Hello,
So I resolved my previous issue with split-brains and the lack
of self-healing by dropping my installed glusterfs* packages
from 3.6.2 to 3.5.3, but now I've picked up a new issue, which
actually makes normal use of the volume practically
impossible.
A little background for those not already paying close
attention:
I have a 2 node 2 brick replicating volume whose purpose in
life is to hold iSCSI target files, primarily for use to
provide datastores to a VMware ESXi cluster. The plan is to
put a handful of image files on the Gluster volume, mount them
locally on both Gluster nodes, and run tgtd on both, pointed
to the image files on the mounted gluster volume. Then the
ESXi boxes will use multipath (active/passive) iSCSI to
connect to the nodes, with automatic failover in case of
planned or unplanned downtime of the Gluster nodes.
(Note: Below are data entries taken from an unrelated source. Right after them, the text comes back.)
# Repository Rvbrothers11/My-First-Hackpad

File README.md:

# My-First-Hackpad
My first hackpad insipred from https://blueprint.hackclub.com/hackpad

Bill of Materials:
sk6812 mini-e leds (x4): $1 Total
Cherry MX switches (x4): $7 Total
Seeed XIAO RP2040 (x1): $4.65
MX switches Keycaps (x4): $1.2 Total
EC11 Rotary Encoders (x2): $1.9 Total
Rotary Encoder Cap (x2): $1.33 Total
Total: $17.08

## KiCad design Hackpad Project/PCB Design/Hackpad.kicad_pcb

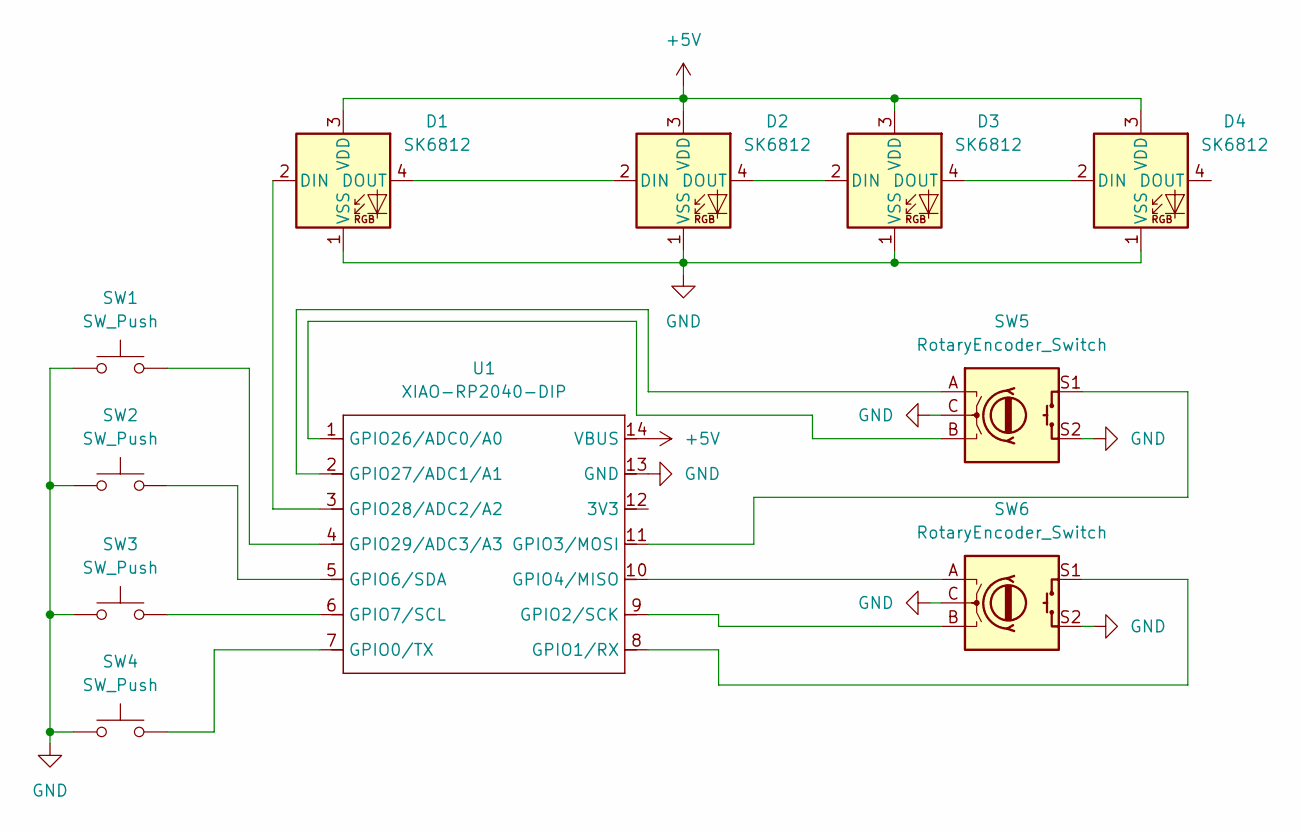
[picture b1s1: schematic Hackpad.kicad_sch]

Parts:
D1, D2, D3, D4: SK6812; LED_SK6812MINI_PLCC4_3.5x3.5mm_P1.75mm
SW1, SW2, SW3, SW4: SW_Push; SW_Cherry_MX_1.00u_PCB
SW5, SW6: RotaryEncoder_Switch; RotaryEncoder_Alps_EC11E-Switch_Vertical_H20mm
U1: XIAO-RP2040-DIP

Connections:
+5V: D1.3 (VDD), D2.3 (VDD), D3.3 (VDD), D4.3 (VDD), U1.14 (VBUS)
GND: D1.1 (VSS), D2.1 (VSS), D3.1 (VSS), D4.1 (VSS), SW1.1, SW2.1, SW3.1, SW4.1, SW5.C, SW5.S2, SW6.C, SW6.S2, U1.13 (GND)
unnamed: D1.2 (DIN), U1.3 (GPIO28/ADC2/A2)
unnamed: D1.4 (DOUT), D2.2 (DIN)
unnamed: D2.4 (DOUT), D3.2 (DIN)
unnamed: D3.4 (DOUT), D4.2 (DIN)
unnamed: SW4.2, U1.7 (GPIO0/TX)
unnamed: SW6.S1, U1.8 (GPIO1/RX)
unnamed: SW6.B, U1.9 (GPIO2/SCK)
unnamed: SW5.S1, U1.11 (GPIO3/MOSI)
unnamed: SW6.A, U1.10 (GPIO4/MISO)
unnamed: SW2.2, U1.5 (GPIO6/SDA)
unnamed: SW3.2, U1.6 (GPIO7/SCL)
unnamed: SW5.B, U1.1 (GPIO26/ADC0/A0)
unnamed: SW5.A, U1.2 (GPIO27/ADC1/A1)
unnamed: SW1.2, U1.4 (GPIO29/ADC3/A3)

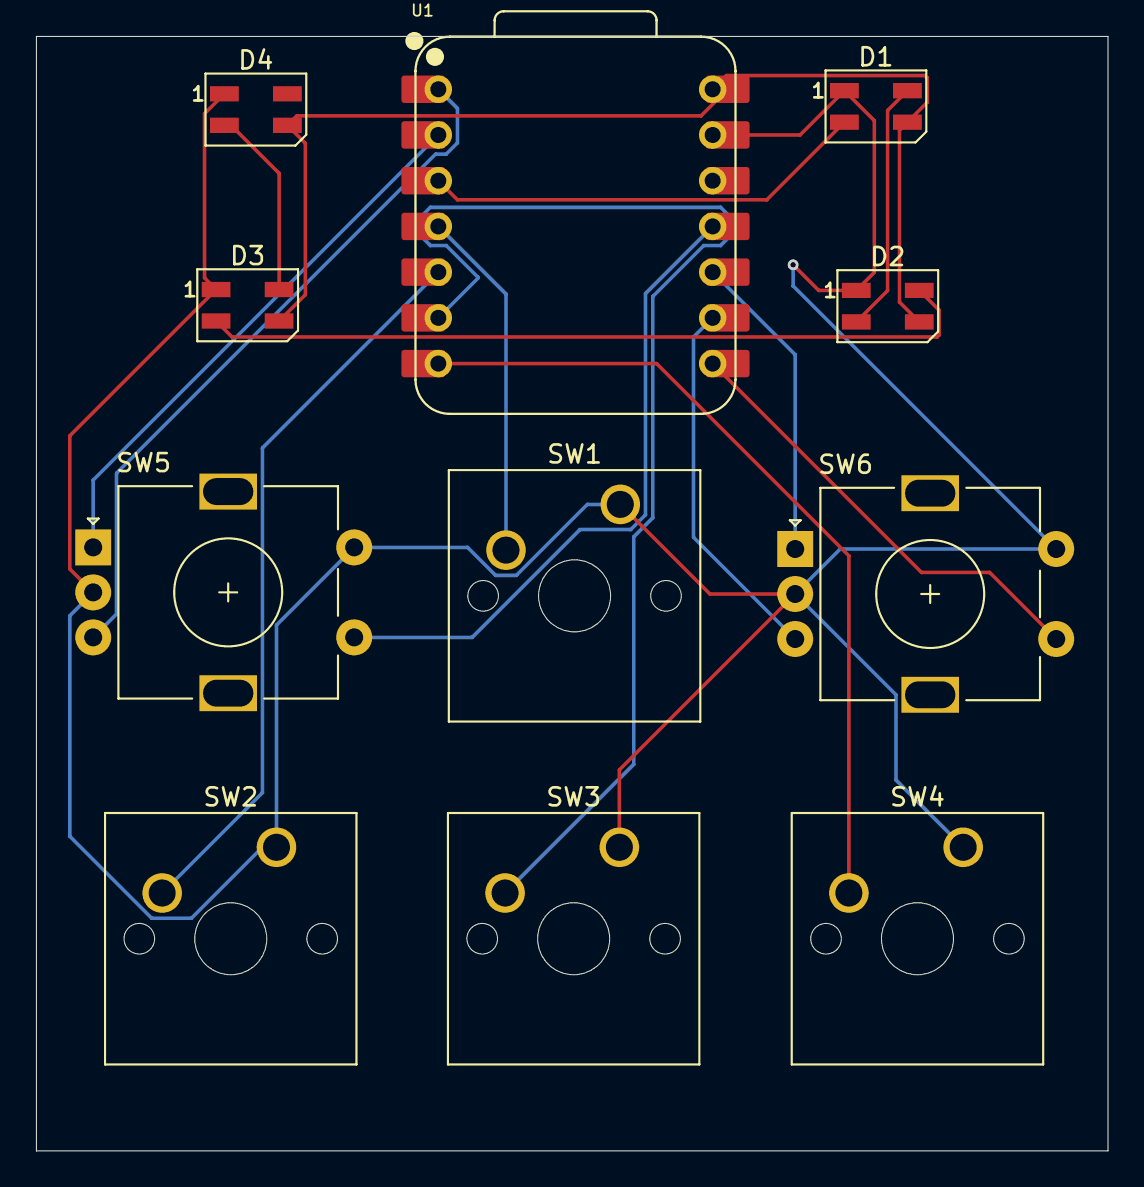
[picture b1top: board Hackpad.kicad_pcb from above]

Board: 2 copper layers, 59.5 x 61.9 mm, 11 parts (0 on the bottom side), 16 nets.

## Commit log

2026-01-15 README.md
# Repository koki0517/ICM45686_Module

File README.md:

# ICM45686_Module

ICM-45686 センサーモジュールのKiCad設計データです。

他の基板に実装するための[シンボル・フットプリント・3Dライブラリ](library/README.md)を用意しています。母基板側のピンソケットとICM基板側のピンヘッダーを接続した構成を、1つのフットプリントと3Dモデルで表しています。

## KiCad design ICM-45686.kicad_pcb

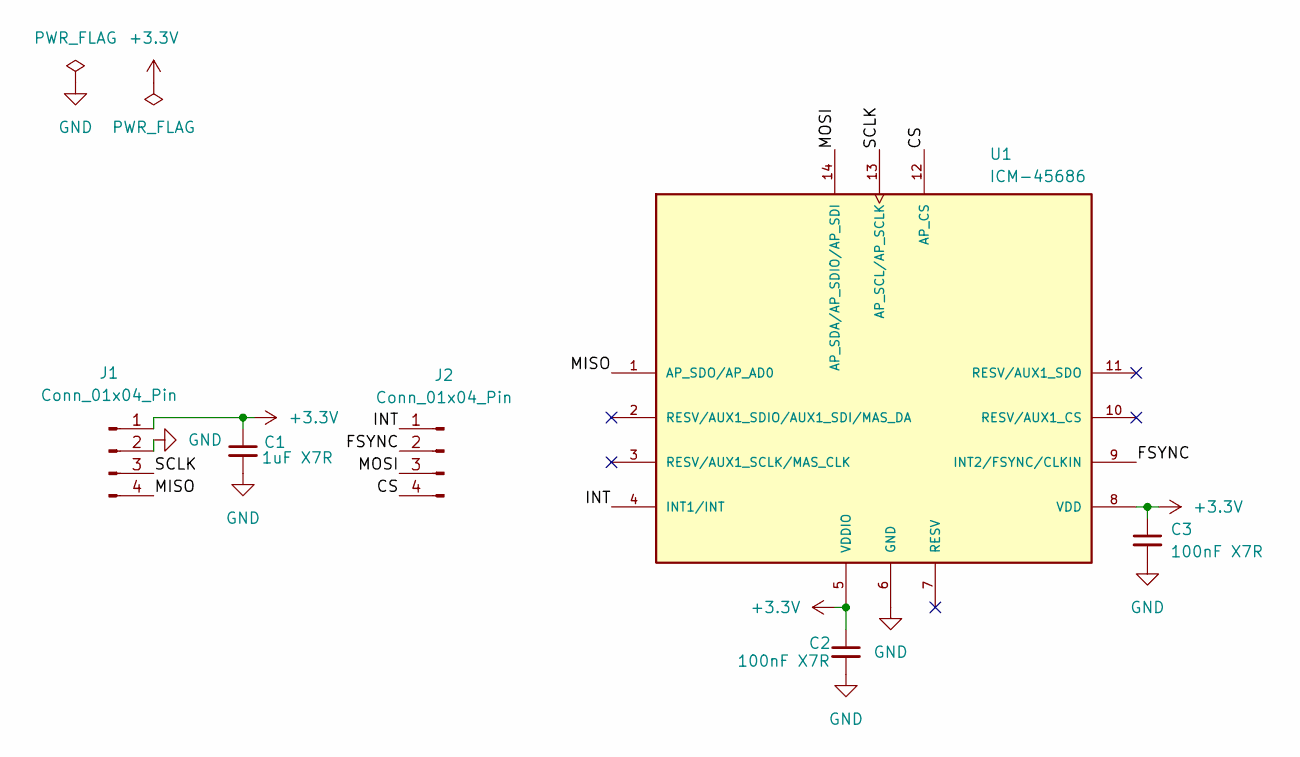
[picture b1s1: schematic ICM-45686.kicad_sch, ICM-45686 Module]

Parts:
C1: 1uF X7R; C_0402_1005Metric; LCSC C52923
C2, C3: 100nF X7R; C_0402_1005Metric; LCSC C1525
J1, J2: Conn_01x04_Pin; PinHeader_1x04_P2.54mm_Vertical
U1: ICM-45686; IC_ICM-45686; PARTREV 0.2; LCSC C22459454

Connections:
+3.3V: C1.1, C2.1, C3.1, J1.1, U1.5 (VDDIO), U1.8 (VDD)
/CS: J2.4, U1.12 (AP_CS)
/FSYNC: J2.2, U1.9 (INT2/FSYNC/CLKIN)
/INT: J2.1, U1.4 (INT1/INT)
/MISO: J1.4, U1.1 (AP_SDO/AP_AD0)
/MOSI: J2.3, U1.14 (AP_SDA/AP_SDIO/AP_SDI)
/SCLK: J1.3, U1.13 (AP_SCL/AP_SCLK)
GND: C1.2, C2.2, C3.2, J1.2, U1.6 (GND)

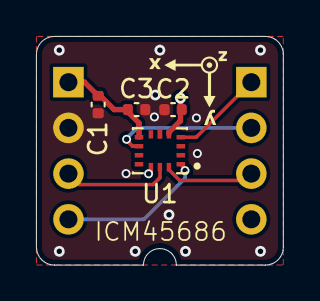
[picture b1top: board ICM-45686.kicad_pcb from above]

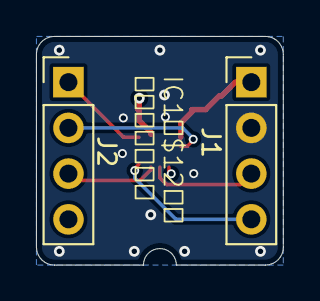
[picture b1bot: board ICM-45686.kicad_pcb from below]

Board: 4 copper layers, 13.7 x 12.7 mm, 6 parts (2 on the bottom side), 8 nets.

In my most recent round of testing with 3.5.3, I'm seeing a
massive failure to write data to the volume after about 5-10
minutes, so I've simplified the scenario a bit (to minimize
the variables) to: both Gluster nodes up, only one node (duke)
mounted and running tgtd, and just regular (single path) iSCSI
from a single ESXi server.
About 5-10 minutes into migration a VM onto the test
datastore, /var/log/messages on duke gets blasted with a ton
of messages exactly like this:
Mar 15 22:24:06 duke tgtd:
bs_rdwr_request(180) io
error 0x1781e00 2a -1 512 22971904, Input/output error
And
/var/log/glusterfs/mnt-gluster_disk.log gets blased with a
ton of messages exactly like this:
[2015-03-16 02:24:07.572279] W
[fuse-bridge.c:2242:fuse_writev_cbk] 0-glusterfs-fuse:
635299: WRITE => -1 (Input/output error)